Mit 400.000 Euro aus Studierendenbeiträgen richtet die GRAS/VSSTÖ-ÖH der Uni Wien ein "Studibeisl" ein. Ziel des dubiosen Lokals: Billige Getränke und linke Polit-Diskussionen

Wien (OTS) - Die Studierenden an der Universität Wien haben
derzeit allen Grund zur Empörung: Während ihre eigene ÖH den immer
lauter werdenden Ruf nach dringend notwendigem Zugangsmanagement in
Massenfächern und den Wunsch nach tatsächlicher Anerkennung des
Bachelors seit Jahren ignoriert, schießt sie nun den Vogel ab:

Rund 400.000 Euro aus ÖH-Beiträgen, das entspricht den Beiträgen
von sage und schreibe mehr als 24.000 Studierenden, werden trotz
energischer Proteste der AktionsGemeinschaft für die Finanzierung des
ÖH-Politlokals "Studibeisl Cafe Rosa" verwendet, welches morgen
eröffnet wird: "Das ist Missbrauch von ÖH-Beiträgen der
Studierenden", wettert Bernhard Krall, Spitzenkandidat der AG bei den
ÖH-Wahlen, und zieht den Vergleich zu anderen Universitäten: "Während
andere ÖHs Feste organisieren um mit den Einnahmen noch mehr Service
für Studierende bieten zu können, missbrauchen die grüne GRAS und der
rote VSSTÖ die Beiträge der Studierenden um ein dubioses Beisl zu
finanzieren".

Anstelle Studierendengelder in diesem Ideologie-Cafe zu versenken
hätte die ÖH mit dem Geld Service im Sinne der Studierenden
ermöglichen müssen: "Mit 400.000 Euro hätte eine von der
AktionsGemeinschaft gestellte ÖH etwa günstigere Lehrbücher für
sozial schwächere Studierende finanziert oder das Geld für vom
Wegfall der Familienbeihilfe betroffene Härtefälle verwendet. Das
Studibeisl ist Symbol für eine grün-rote ÖH, die Geldverschwendung
statt Interessensvertretung betreibt. Grund genug, um die grün-rote
ÖH vom 24. - 26. Mai endlich abzuwählen", so Krall weiter.

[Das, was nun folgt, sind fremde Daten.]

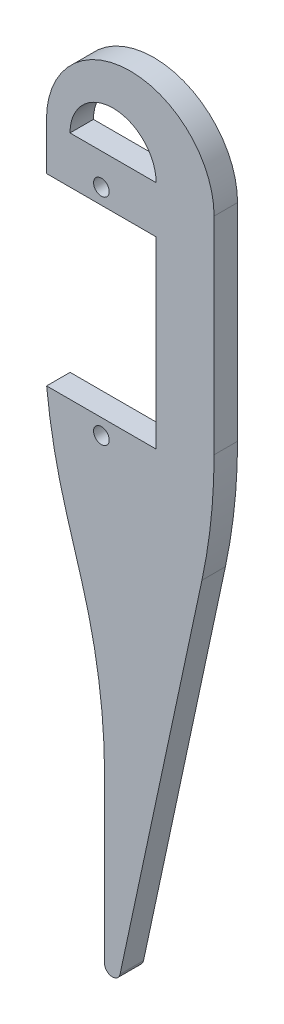
ISO-10303-21;
HEADER;
FILE_DESCRIPTION(('STEP AP214'),'2;1');
FILE_NAME('part.step','',(''),(''),'','','');
FILE_SCHEMA(('AUTOMOTIVE_DESIGN { 1 0 10303 214 1 1 1 1 }'));
ENDSEC;
DATA;
#1=APPLICATION_CONTEXT('core data for automotive mechanical design processes');
#2=APPLICATION_PROTOCOL_DEFINITION('international standard','automotive_design',2000,#1);
#3=PRODUCT_CONTEXT('',#1,'mechanical');
#4=PRODUCT('Part','Part','',(#3));
#5=PRODUCT_RELATED_PRODUCT_CATEGORY('part','',(#4));
#6=PRODUCT_DEFINITION_FORMATION('','',#4);
#7=PRODUCT_DEFINITION_CONTEXT('part definition',#1,'design');
#8=PRODUCT_DEFINITION('design','',#6,#7);
#9=PRODUCT_DEFINITION_SHAPE('','',#8);
#10=(LENGTH_UNIT() NAMED_UNIT(*) SI_UNIT(.MILLI.,.METRE.));
#11=(NAMED_UNIT(*) PLANE_ANGLE_UNIT() SI_UNIT($,.RADIAN.));
#12=(NAMED_UNIT(*) SI_UNIT($,.STERADIAN.) SOLID_ANGLE_UNIT());
#13=UNCERTAINTY_MEASURE_WITH_UNIT(LENGTH_MEASURE(1.E-05),#10,'distance_accuracy_value','');
#14=(GEOMETRIC_REPRESENTATION_CONTEXT(3) GLOBAL_UNCERTAINTY_ASSIGNED_CONTEXT((#13)) GLOBAL_UNIT_ASSIGNED_CONTEXT((#10,
#11,#12)) REPRESENTATION_CONTEXT('',''));
#15=CARTESIAN_POINT('',(0.,0.,0.));
#16=DIRECTION('',(0.,0.,1.));
#17=DIRECTION('',(1.,0.,0.));
#18=AXIS2_PLACEMENT_3D('',#15,#16,#17);
#19=CARTESIAN_POINT('',(-48.5539801961464,24.533720680881,3.));
#20=DIRECTION('',(0.,0.,-1.));
#21=DIRECTION('',(-1.,0.,0.));
#22=AXIS2_PLACEMENT_3D('',#19,#20,#21);
#23=PLANE('',#22);
#24=DIRECTION('',(-1.,0.,0.));
#25=VECTOR('',#24,1.);
#26=CARTESIAN_POINT('',(-45.247809755199,-4.96627931911898,3.));
#27=LINE('',#26,#25);
#28=CARTESIAN_POINT('',(-45.247809755199,-4.96627931911898,3.));
#29=VERTEX_POINT('',#28);
#30=CARTESIAN_POINT('',(-59.247809755199,-4.96627931911899,3.));
#31=VERTEX_POINT('',#30);
#32=EDGE_CURVE('E181',#29,#31,#27,.T.);
#33=ORIENTED_EDGE('',*,*,#32,.T.);
#34=CARTESIAN_POINT('',(10.3897967185846,2.14735298811001,3.));
#35=DIRECTION('',(0.,0.,-1.));
#36=DIRECTION('',(-1.,0.,0.));
#37=AXIS2_PLACEMENT_3D('',#34,#35,#36);
#38=CIRCLE('',#37,70.);
#39=CARTESIAN_POINT('',(-56.6755761014866,-17.9084633379549,3.));
#40=VERTEX_POINT('',#39);
#41=EDGE_CURVE('E252',#31,#40,#38,.F.);
#42=ORIENTED_EDGE('',*,*,#41,.T.);
#43=DIRECTION('',(0.286511661800927,-0.958076754572446,0.));
#44=VECTOR('',#43,1.);
#45=CARTESIAN_POINT('',(-51.8378845095338,-34.0853960006852,3.));
#46=LINE('',#45,#44);
#47=CARTESIAN_POINT('',(-54.7725116894626,-24.2721895617103,3.));
#48=VERTEX_POINT('',#47);
#49=EDGE_CURVE('E183',#40,#48,#46,.T.);
#50=ORIENTED_EDGE('',*,*,#49,.T.);
#51=CARTESIAN_POINT('',(-121.837884509534,-44.3280058877752,3.));
#52=DIRECTION('',(0.,0.,-1.));
#53=DIRECTION('',(-1.,0.,0.));
#54=AXIS2_PLACEMENT_3D('',#51,#52,#53);
#55=CIRCLE('',#54,70.);
#56=CARTESIAN_POINT('',(-51.8378845095338,-44.3280058877752,3.));
#57=VERTEX_POINT('',#56);
#58=EDGE_CURVE('E11',#48,#57,#55,.T.);
#59=ORIENTED_EDGE('',*,*,#58,.T.);
#60=DIRECTION('',(0.,-1.,0.));
#61=VECTOR('',#60,1.);
#62=CARTESIAN_POINT('',(-51.8378845095338,-34.0853960006852,3.));
#63=LINE('',#62,#61);
#64=CARTESIAN_POINT('',(-51.8378845095338,-65.2023030407031,3.));
#65=VERTEX_POINT('',#64);
#66=EDGE_CURVE('E186',#57,#65,#63,.T.);
#67=ORIENTED_EDGE('',*,*,#66,.T.);
#68=CARTESIAN_POINT('',(-50.8378845095338,-65.2023030407034,3.));
#69=DIRECTION('',(0.,0.,1.));
#70=DIRECTION('',(1.,0.,0.));
#71=AXIS2_PLACEMENT_3D('',#68,#69,#70);
#72=CIRCLE('',#71,1.);
#73=CARTESIAN_POINT('',(-49.8600799319517,-65.4118220328244,3.));
#74=VERTEX_POINT('',#73);
#75=EDGE_CURVE('E188',#65,#74,#72,.T.);
#76=ORIENTED_EDGE('',*,*,#75,.T.);
#77=DIRECTION('',(0.209518992121353,0.977804577582071,0.));
#78=VECTOR('',#77,1.);
#79=CARTESIAN_POINT('',(-49.8600799319517,-65.4118220328244,3.));
#80=LINE('',#79,#78);
#81=CARTESIAN_POINT('',(-39.3919202305815,-16.5579478745744,3.));
#82=VERTEX_POINT('',#81);
#83=EDGE_CURVE('E190',#74,#82,#80,.T.);
#84=ORIENTED_EDGE('',*,*,#83,.T.);
#85=CARTESIAN_POINT('',(-107.838240661326,-1.89161842607966,3.));
#86=DIRECTION('',(0.,0.,-1.));
#87=DIRECTION('',(-1.,0.,0.));
#88=AXIS2_PLACEMENT_3D('',#85,#86,#87);
#89=CIRCLE('',#88,70.);
#90=CARTESIAN_POINT('',(-37.8382406613264,-1.89161842607969,3.));
#91=VERTEX_POINT('',#90);
#92=EDGE_CURVE('E49',#82,#91,#89,.F.);
#93=ORIENTED_EDGE('',*,*,#92,.T.);
#94=DIRECTION('',(0.,1.,0.));
#95=VECTOR('',#94,1.);
#96=CARTESIAN_POINT('',(-37.8382406613264,-9.30707777668185,3.));
#97=LINE('',#96,#95);
#98=CARTESIAN_POINT('',(-37.8382406613264,24.533720680881,3.));
#99=VERTEX_POINT('',#98);
#100=EDGE_CURVE('E192',#91,#99,#97,.T.);
#101=ORIENTED_EDGE('',*,*,#100,.T.);
#102=CARTESIAN_POINT('',(-48.5539801961464,24.533720680881,3.));
#103=DIRECTION('',(0.,0.,1.));
#104=DIRECTION('',(-1.,0.,0.));
#105=AXIS2_PLACEMENT_3D('',#102,#103,#104);
#106=CIRCLE('',#105,10.7157395348199);
#107=CARTESIAN_POINT('',(-59.2697197309663,24.533720680881,3.));
#108=VERTEX_POINT('',#107);
#109=EDGE_CURVE('E171',#99,#108,#106,.T.);
#110=ORIENTED_EDGE('',*,*,#109,.T.);
#111=DIRECTION('',(0.,-1.,0.));
#112=VECTOR('',#111,1.);
#113=CARTESIAN_POINT('',(-59.2697197309663,24.533720680881,3.));
#114=LINE('',#113,#112);
#115=CARTESIAN_POINT('',(-59.2697197309663,18.533720680881,3.));
#116=VERTEX_POINT('',#115);
#117=EDGE_CURVE('E174',#108,#116,#114,.T.);
#118=ORIENTED_EDGE('',*,*,#117,.T.);
#119=DIRECTION('',(1.,0.,0.));
#120=VECTOR('',#119,1.);
#121=CARTESIAN_POINT('',(-59.2697197309663,18.533720680881,3.));
#122=LINE('',#121,#120);
#123=CARTESIAN_POINT('',(-45.247809755199,18.533720680881,3.));
#124=VERTEX_POINT('',#123);
#125=EDGE_CURVE('E177',#116,#124,#122,.T.);
#126=ORIENTED_EDGE('',*,*,#125,.T.);
#127=DIRECTION('',(0.,-1.,0.));
#128=VECTOR('',#127,1.);
#129=CARTESIAN_POINT('',(-45.247809755199,18.533720680881,3.));
#130=LINE('',#129,#128);
#131=EDGE_CURVE('E179',#124,#29,#130,.T.);
#132=ORIENTED_EDGE('',*,*,#131,.T.);
#133=EDGE_LOOP('',(#33,#42,#50,#59,#67,#76,#84,#93,#101,#110,#118,#126,#132));
#134=FACE_BOUND('',#133,.T.);
#135=CARTESIAN_POINT('',(-50.7532872491408,24.533720680881,3.));
#136=DIRECTION('',(0.,0.,1.));
#137=DIRECTION('',(1.,0.,0.));
#138=AXIS2_PLACEMENT_3D('',#135,#136,#137);
#139=CIRCLE('',#138,5.50547749394183);
#140=CARTESIAN_POINT('',(-45.247809755199,24.533720680881,3.));
#141=VERTEX_POINT('',#140);
#142=CARTESIAN_POINT('',(-56.2587647430826,24.533720680881,3.));
#143=VERTEX_POINT('',#142);
#144=EDGE_CURVE('E152',#141,#143,#139,.T.);
#145=ORIENTED_EDGE('',*,*,#144,.F.);
#146=DIRECTION('',(1.,0.,0.));
#147=VECTOR('',#146,1.);
#148=CARTESIAN_POINT('',(-45.247809755199,24.533720680881,3.));
#149=LINE('',#148,#147);
#150=EDGE_CURVE('E142',#143,#141,#149,.T.);
#151=ORIENTED_EDGE('',*,*,#150,.F.);
#152=EDGE_LOOP('',(#145,#151));
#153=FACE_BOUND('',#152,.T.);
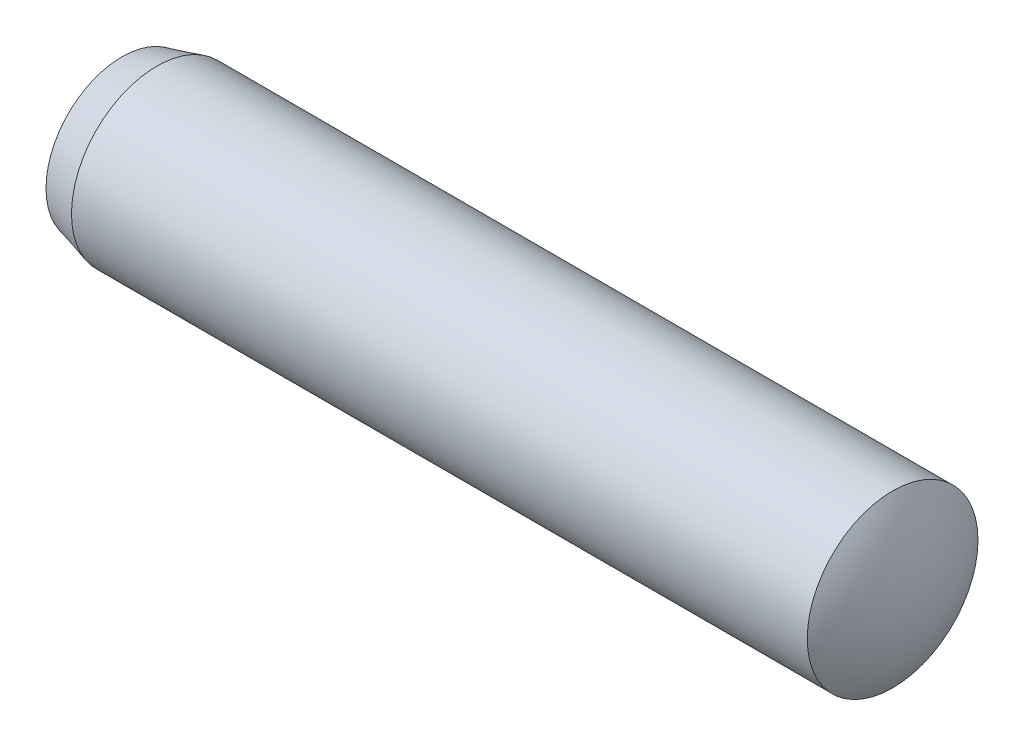
ISO-10303-21;
HEADER;
FILE_DESCRIPTION(('STEP AP214'),'2;1');
FILE_NAME('part.step','',(''),(''),'','','');
FILE_SCHEMA(('AUTOMOTIVE_DESIGN { 1 0 10303 214 1 1 1 1 }'));
ENDSEC;
DATA;
#1=APPLICATION_CONTEXT('core data for automotive mechanical design processes');
#2=APPLICATION_PROTOCOL_DEFINITION('international standard','automotive_design',2000,#1);
#3=PRODUCT_CONTEXT('',#1,'mechanical');
#4=PRODUCT('Part','Part','',(#3));
#5=PRODUCT_RELATED_PRODUCT_CATEGORY('part','',(#4));
#6=PRODUCT_DEFINITION_FORMATION('','',#4);
#7=PRODUCT_DEFINITION_CONTEXT('part definition',#1,'design');
#8=PRODUCT_DEFINITION('design','',#6,#7);
#9=PRODUCT_DEFINITION_SHAPE('','',#8);
#10=(LENGTH_UNIT() NAMED_UNIT(*) SI_UNIT(.MILLI.,.METRE.));
#11=(NAMED_UNIT(*) PLANE_ANGLE_UNIT() SI_UNIT($,.RADIAN.));
#12=(NAMED_UNIT(*) SI_UNIT($,.STERADIAN.) SOLID_ANGLE_UNIT());
#13=UNCERTAINTY_MEASURE_WITH_UNIT(LENGTH_MEASURE(1.E-05),#10,'distance_accuracy_value','');
#14=(GEOMETRIC_REPRESENTATION_CONTEXT(3) GLOBAL_UNCERTAINTY_ASSIGNED_CONTEXT((#13)) GLOBAL_UNIT_ASSIGNED_CONTEXT((#10,
#11,#12)) REPRESENTATION_CONTEXT('',''));
#15=CARTESIAN_POINT('',(0.,0.,0.));
#16=DIRECTION('',(0.,0.,1.));
#17=DIRECTION('',(1.,0.,0.));
#18=AXIS2_PLACEMENT_3D('',#15,#16,#17);
#19=CARTESIAN_POINT('',(-12.,0.,0.));
#20=DIRECTION('',(-1.,0.,0.));
#21=DIRECTION('',(0.,-1.,0.));
#22=AXIS2_PLACEMENT_3D('',#19,#20,#21);
#23=CYLINDRICAL_SURFACE('',#22,2.5);
#24=CARTESIAN_POINT('',(-10.3,0.,0.));
#25=DIRECTION('',(-1.,0.,0.));
#26=DIRECTION('',(0.,-1.,0.));
#27=AXIS2_PLACEMENT_3D('',#24,#25,#26);
#28=CIRCLE('',#27,2.5);
#29=CARTESIAN_POINT('',(-10.3,-2.5,0.));
#30=VERTEX_POINT('',#29);
#31=EDGE_CURVE('E10',#30,#30,#28,.T.);
#32=ORIENTED_EDGE('',*,*,#31,.F.);
#33=EDGE_LOOP('',(#32));
#34=FACE_BOUND('',#33,.T.);
#35=CARTESIAN_POINT('',(11.25,0.,0.));
#36=DIRECTION('',(-1.,0.,0.));
#37=DIRECTION('',(0.,-1.,0.));
#38=AXIS2_PLACEMENT_3D('',#35,#36,#37);
#39=CIRCLE('',#38,2.5);
#40=CARTESIAN_POINT('',(11.25,-2.49999999999999,0.));
#41=VERTEX_POINT('',#40);
#42=EDGE_CURVE('E53',#41,#41,#39,.T.);
#43=ORIENTED_EDGE('',*,*,#42,.T.);
#44=EDGE_LOOP('',(#43));
#45=FACE_BOUND('',#44,.T.);
#46=ADVANCED_FACE('F41',(#34,#45),#23,.T.);
#47=CARTESIAN_POINT('',(-10.3,0.,0.));
#48=DIRECTION('',(1.,0.,0.));
#49=DIRECTION('',(0.,1.,0.));
#50=AXIS2_PLACEMENT_3D('',#47,#48,#49);
#51=CONICAL_SURFACE('',#50,2.5,0.261799387799151);
#52=CARTESIAN_POINT('',(-11.32,0.,0.));
#53=DIRECTION('',(-1.,0.,0.));
#54=DIRECTION('',(0.,-1.,0.));
#55=AXIS2_PLACEMENT_3D('',#52,#53,#54);
#56=CIRCLE('',#55,2.22669182372025);
#57=CARTESIAN_POINT('',(-11.32,-2.22669182372025,0.));
#58=VERTEX_POINT('',#57);
#59=EDGE_CURVE('E48',#58,#58,#56,.T.);
#60=ORIENTED_EDGE('',*,*,#59,.F.);
#61=EDGE_LOOP('',(#60));
#62=FACE_BOUND('',#61,.T.);
#63=ORIENTED_EDGE('',*,*,#31,.T.);
#64=EDGE_LOOP('',(#63));
#65=FACE_BOUND('',#64,.T.);
#66=ADVANCED_FACE('F75',(#62,#65),#51,.T.);
#67=CARTESIAN_POINT('',(-8.01429670748337,0.,0.));
#68=DIRECTION('',(-1.,0.,0.));
#69=DIRECTION('',(0.,1.,0.));
#70=AXIS2_PLACEMENT_3D('',#67,#68,#69);
#71=SPHERICAL_SURFACE('',#70,3.98570329251663);
#72=ORIENTED_EDGE('',*,*,#59,.T.);
#73=EDGE_LOOP('',(#72));
#74=FACE_BOUND('',#73,.T.);
#75=ADVANCED_FACE('F70',(#74),#71,.T.);
#76=CARTESIAN_POINT('',(7.45833333333333,0.,0.));
#77=DIRECTION('',(-1.,0.,0.));
#78=DIRECTION('',(0.,1.,0.));
#79=AXIS2_PLACEMENT_3D('',#76,#77,#78);
#80=SPHERICAL_SURFACE('',#79,4.54166666666667);
#81=ORIENTED_EDGE('',*,*,#42,.F.);
#82=EDGE_LOOP('',(#81));
#83=FACE_BOUND('',#82,.T.);
#84=ADVANCED_FACE('F62',(#83),#80,.T.);
#85=CLOSED_SHELL('',(#46,#66,#75,#84));
#86=MANIFOLD_SOLID_BREP('B2',#85);
#87=ADVANCED_BREP_SHAPE_REPRESENTATION('',(#18,#86),#14);
#88=SHAPE_DEFINITION_REPRESENTATION(#9,#87);
ENDSEC;
END-ISO-10303-21;

Obwohl die Studierenden das "Studibeisl" ungefragt finanzieren
müssen, wird das Lokal selbst wohl nur mit kleinem Besucherandrang
rechnen können. Die Anforderungen, um das "Studibeisl" überhaupt
betreten zu dürfen, sind nämlich ziemlich detailliert und streng:
Besucher dieser Lokalität müssen laut offizieller Regelung neben
"antiheteronormativ", "antiklerikal" und "antikapitalistisch" trotz
dieser offenkundig absurden Einschränkungen kurioserweise auch noch
"antidiskriminierend" sein.

"Wer will schon in ein Lokal gehen, in dem offenbar Denk- und
Redeverbote herrschen, wo politische Meinung wie in totalitären
System vorgeschrieben wird und Weltoffenheit dort endet, wo jemand
seine eigene Meinung haben könnte", fragt sich Krall und vermutet,
dass das Studibeisl "zu einem Treffpunkt kommunistischer
Splittergruppen und universitätsfremden Personen wird, deren
Getränkekonsum die Studierenden finanzieren müssen".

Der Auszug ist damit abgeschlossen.